YOUR GOAL
What you return must be an exact copy of the lines in the listing below between the line holding "PressScanner/5 -> Mux/5" and the line holding "PressScanner/14 -> Mux/14", inclusive, and nothing more.

=== RECORDS SHOWN ===

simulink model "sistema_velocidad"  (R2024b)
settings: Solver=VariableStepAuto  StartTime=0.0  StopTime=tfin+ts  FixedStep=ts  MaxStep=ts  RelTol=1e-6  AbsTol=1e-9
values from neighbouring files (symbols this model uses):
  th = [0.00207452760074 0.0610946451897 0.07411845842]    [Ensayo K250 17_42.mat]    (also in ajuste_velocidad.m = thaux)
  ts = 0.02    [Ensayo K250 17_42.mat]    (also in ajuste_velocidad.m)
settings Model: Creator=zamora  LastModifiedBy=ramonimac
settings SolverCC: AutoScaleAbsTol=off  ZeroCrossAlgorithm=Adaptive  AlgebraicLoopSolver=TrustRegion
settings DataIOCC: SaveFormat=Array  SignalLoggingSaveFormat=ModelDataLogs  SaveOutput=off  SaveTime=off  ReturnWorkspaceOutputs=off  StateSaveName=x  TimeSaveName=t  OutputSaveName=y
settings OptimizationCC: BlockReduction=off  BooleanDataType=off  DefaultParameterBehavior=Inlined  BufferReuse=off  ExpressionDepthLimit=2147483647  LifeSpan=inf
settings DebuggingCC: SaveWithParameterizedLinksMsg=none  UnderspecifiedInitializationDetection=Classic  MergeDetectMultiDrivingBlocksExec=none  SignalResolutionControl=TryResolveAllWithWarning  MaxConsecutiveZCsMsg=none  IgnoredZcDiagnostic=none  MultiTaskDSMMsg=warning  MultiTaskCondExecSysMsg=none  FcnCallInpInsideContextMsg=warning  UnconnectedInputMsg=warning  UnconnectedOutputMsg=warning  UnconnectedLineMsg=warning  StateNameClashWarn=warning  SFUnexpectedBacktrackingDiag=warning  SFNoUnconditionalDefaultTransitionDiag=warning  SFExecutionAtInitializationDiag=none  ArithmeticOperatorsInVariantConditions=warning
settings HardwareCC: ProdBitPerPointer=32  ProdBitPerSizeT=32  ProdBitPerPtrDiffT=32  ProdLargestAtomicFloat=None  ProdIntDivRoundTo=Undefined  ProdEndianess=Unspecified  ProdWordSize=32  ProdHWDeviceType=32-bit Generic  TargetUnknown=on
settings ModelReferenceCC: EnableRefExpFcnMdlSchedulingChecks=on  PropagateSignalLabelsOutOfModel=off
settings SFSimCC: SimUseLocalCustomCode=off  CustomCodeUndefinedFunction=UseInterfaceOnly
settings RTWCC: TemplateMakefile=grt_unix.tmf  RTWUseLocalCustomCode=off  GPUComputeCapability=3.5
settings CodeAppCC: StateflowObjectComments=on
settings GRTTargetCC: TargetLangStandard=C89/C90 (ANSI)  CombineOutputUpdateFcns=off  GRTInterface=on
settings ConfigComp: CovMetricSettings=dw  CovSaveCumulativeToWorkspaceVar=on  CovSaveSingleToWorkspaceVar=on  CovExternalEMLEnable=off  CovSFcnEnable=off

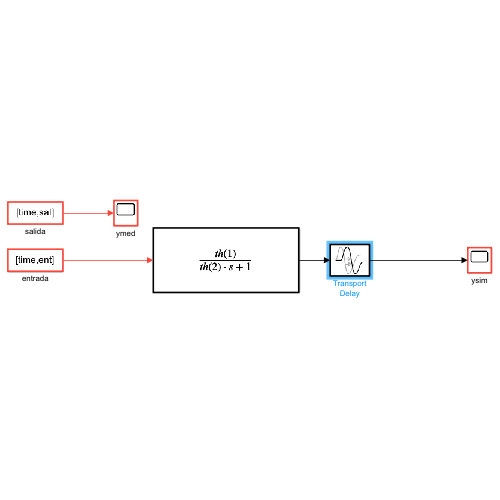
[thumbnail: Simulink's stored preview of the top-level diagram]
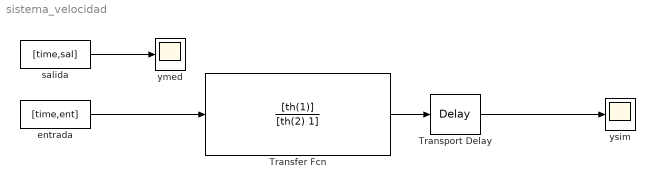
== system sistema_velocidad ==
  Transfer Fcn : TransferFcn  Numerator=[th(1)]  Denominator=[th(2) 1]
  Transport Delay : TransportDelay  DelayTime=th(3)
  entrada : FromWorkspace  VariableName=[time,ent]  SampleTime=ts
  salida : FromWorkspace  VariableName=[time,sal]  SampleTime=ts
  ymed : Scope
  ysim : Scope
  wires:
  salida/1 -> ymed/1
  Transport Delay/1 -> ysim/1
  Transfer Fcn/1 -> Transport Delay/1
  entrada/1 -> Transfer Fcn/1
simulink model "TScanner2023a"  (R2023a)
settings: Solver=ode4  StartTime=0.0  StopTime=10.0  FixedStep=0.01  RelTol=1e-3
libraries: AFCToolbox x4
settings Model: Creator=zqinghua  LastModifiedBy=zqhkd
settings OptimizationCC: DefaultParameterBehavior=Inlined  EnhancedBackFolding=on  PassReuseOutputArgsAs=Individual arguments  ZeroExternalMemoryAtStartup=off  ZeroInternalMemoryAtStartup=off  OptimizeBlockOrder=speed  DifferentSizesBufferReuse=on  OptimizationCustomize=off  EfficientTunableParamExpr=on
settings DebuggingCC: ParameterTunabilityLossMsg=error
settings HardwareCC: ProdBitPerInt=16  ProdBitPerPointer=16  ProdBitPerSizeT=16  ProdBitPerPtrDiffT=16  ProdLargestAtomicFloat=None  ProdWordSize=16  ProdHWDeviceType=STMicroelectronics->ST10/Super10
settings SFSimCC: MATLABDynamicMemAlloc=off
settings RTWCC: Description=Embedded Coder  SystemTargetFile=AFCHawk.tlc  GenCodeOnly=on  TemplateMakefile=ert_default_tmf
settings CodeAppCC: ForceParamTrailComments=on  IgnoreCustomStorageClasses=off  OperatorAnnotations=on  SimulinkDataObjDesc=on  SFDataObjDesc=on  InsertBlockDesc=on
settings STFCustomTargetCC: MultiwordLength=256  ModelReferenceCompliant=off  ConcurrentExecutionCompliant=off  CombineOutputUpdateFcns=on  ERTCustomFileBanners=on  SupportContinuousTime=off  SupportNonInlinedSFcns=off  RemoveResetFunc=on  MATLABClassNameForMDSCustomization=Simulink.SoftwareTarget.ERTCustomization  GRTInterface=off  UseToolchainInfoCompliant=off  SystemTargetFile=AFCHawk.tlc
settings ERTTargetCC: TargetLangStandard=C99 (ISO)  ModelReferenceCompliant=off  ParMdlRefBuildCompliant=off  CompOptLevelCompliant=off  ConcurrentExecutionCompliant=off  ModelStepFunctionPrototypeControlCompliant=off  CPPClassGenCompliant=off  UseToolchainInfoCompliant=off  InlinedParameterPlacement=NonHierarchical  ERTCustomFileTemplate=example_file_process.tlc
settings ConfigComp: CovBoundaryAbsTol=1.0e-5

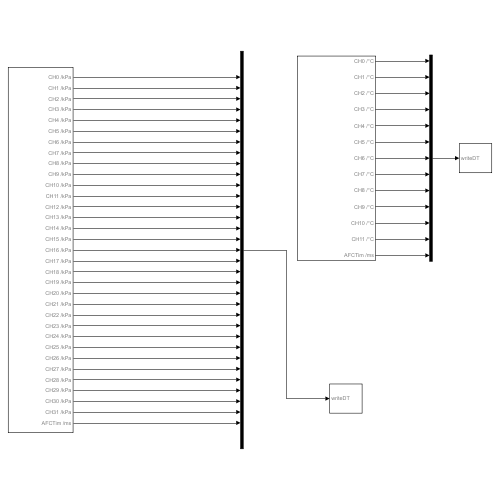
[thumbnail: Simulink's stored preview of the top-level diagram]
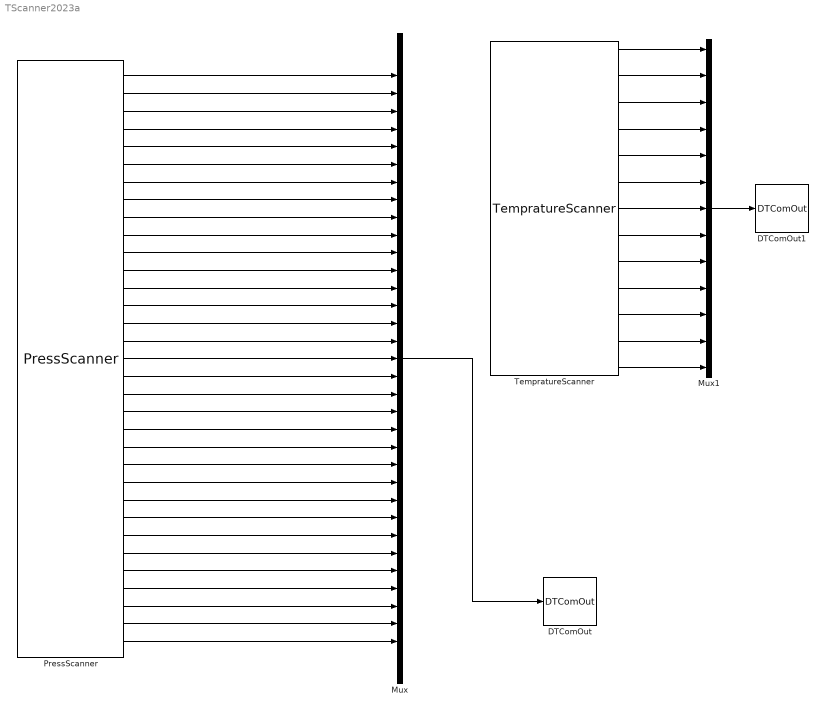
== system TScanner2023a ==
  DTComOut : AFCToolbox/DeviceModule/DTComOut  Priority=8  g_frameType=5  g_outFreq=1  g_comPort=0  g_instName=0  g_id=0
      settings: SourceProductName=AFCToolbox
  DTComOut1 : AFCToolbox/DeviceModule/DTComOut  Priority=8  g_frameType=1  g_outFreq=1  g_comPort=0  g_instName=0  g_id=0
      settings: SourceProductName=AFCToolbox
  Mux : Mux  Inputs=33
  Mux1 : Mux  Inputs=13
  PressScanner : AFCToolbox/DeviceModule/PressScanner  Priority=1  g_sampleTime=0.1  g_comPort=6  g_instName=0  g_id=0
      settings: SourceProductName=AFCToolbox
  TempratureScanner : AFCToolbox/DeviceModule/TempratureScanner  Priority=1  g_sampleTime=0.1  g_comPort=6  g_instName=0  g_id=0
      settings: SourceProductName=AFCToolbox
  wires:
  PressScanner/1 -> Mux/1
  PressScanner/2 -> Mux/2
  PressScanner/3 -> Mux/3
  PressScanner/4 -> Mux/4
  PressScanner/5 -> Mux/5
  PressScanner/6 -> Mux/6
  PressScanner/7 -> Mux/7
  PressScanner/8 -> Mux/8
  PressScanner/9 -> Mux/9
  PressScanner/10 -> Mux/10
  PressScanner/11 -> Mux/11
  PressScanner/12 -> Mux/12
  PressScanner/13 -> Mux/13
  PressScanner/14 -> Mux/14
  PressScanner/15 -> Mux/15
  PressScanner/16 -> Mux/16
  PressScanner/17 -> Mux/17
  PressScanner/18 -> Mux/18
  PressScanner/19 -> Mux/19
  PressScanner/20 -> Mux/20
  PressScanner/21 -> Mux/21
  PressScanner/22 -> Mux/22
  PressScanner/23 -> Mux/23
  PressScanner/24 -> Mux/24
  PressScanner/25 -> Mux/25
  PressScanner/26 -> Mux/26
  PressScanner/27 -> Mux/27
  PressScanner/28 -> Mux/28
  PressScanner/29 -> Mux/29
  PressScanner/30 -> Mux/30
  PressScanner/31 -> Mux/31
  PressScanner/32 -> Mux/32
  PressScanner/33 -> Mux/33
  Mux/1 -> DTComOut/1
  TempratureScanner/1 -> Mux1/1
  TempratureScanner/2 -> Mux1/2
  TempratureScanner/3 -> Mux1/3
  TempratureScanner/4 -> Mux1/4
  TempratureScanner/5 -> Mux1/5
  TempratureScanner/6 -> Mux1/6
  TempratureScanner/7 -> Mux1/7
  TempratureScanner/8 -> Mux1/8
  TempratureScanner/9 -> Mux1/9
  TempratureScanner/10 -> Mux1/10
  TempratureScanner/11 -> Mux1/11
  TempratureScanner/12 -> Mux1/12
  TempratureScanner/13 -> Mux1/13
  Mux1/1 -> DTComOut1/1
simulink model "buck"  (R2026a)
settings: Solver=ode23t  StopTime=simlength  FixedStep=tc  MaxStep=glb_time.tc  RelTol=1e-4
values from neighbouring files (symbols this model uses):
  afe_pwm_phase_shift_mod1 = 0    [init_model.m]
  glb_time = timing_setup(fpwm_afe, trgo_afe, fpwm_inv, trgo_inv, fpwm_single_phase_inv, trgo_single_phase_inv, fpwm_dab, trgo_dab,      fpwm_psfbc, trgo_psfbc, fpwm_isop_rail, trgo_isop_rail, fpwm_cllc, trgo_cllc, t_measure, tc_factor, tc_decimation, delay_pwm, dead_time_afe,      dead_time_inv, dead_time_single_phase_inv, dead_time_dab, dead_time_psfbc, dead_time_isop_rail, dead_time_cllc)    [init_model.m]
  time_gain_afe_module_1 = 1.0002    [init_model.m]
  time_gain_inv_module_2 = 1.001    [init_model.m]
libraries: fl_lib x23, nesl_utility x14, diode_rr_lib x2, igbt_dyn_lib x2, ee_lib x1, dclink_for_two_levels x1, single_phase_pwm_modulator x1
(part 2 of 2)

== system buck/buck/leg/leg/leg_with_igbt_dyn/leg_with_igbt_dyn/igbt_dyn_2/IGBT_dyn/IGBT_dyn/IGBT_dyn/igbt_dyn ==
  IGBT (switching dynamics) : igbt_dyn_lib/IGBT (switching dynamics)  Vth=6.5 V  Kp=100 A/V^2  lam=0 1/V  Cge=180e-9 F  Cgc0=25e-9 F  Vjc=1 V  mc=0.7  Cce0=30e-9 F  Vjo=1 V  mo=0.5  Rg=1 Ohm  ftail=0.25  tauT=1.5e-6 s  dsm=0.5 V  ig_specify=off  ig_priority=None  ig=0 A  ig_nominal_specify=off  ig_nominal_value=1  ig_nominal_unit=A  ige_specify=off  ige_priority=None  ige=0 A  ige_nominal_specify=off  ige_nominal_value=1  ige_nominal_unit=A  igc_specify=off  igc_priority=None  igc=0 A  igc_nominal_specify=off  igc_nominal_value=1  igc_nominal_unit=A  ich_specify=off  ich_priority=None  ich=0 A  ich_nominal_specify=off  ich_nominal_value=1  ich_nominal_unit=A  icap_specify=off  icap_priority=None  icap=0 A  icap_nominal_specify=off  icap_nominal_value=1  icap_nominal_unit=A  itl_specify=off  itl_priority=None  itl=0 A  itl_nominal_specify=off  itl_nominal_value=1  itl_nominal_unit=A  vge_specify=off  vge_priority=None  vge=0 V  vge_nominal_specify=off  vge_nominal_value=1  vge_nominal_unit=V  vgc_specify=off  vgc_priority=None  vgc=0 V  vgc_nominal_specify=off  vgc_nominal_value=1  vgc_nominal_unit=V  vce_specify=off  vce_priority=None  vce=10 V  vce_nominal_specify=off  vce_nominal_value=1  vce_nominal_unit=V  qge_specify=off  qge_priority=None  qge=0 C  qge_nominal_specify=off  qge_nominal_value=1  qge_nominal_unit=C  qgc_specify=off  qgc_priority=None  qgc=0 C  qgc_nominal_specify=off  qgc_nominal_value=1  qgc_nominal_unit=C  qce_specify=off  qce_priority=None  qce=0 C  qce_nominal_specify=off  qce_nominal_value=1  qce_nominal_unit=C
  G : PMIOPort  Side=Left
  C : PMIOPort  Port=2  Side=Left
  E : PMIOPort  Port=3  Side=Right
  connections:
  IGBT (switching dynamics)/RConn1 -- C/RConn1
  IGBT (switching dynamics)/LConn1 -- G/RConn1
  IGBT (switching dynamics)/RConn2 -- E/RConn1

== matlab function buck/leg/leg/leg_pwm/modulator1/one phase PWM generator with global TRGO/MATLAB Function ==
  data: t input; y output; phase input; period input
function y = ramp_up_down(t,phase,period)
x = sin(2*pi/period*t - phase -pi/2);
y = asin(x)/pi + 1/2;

===

YOUR RESPONSE
  PressScanner/5 -> Mux/5
  PressScanner/6 -> Mux/6
  PressScanner/7 -> Mux/7
  PressScanner/8 -> Mux/8
  PressScanner/9 -> Mux/9
  PressScanner/10 -> Mux/10
  PressScanner/11 -> Mux/11
  PressScanner/12 -> Mux/12
  PressScanner/13 -> Mux/13
  PressScanner/14 -> Mux/14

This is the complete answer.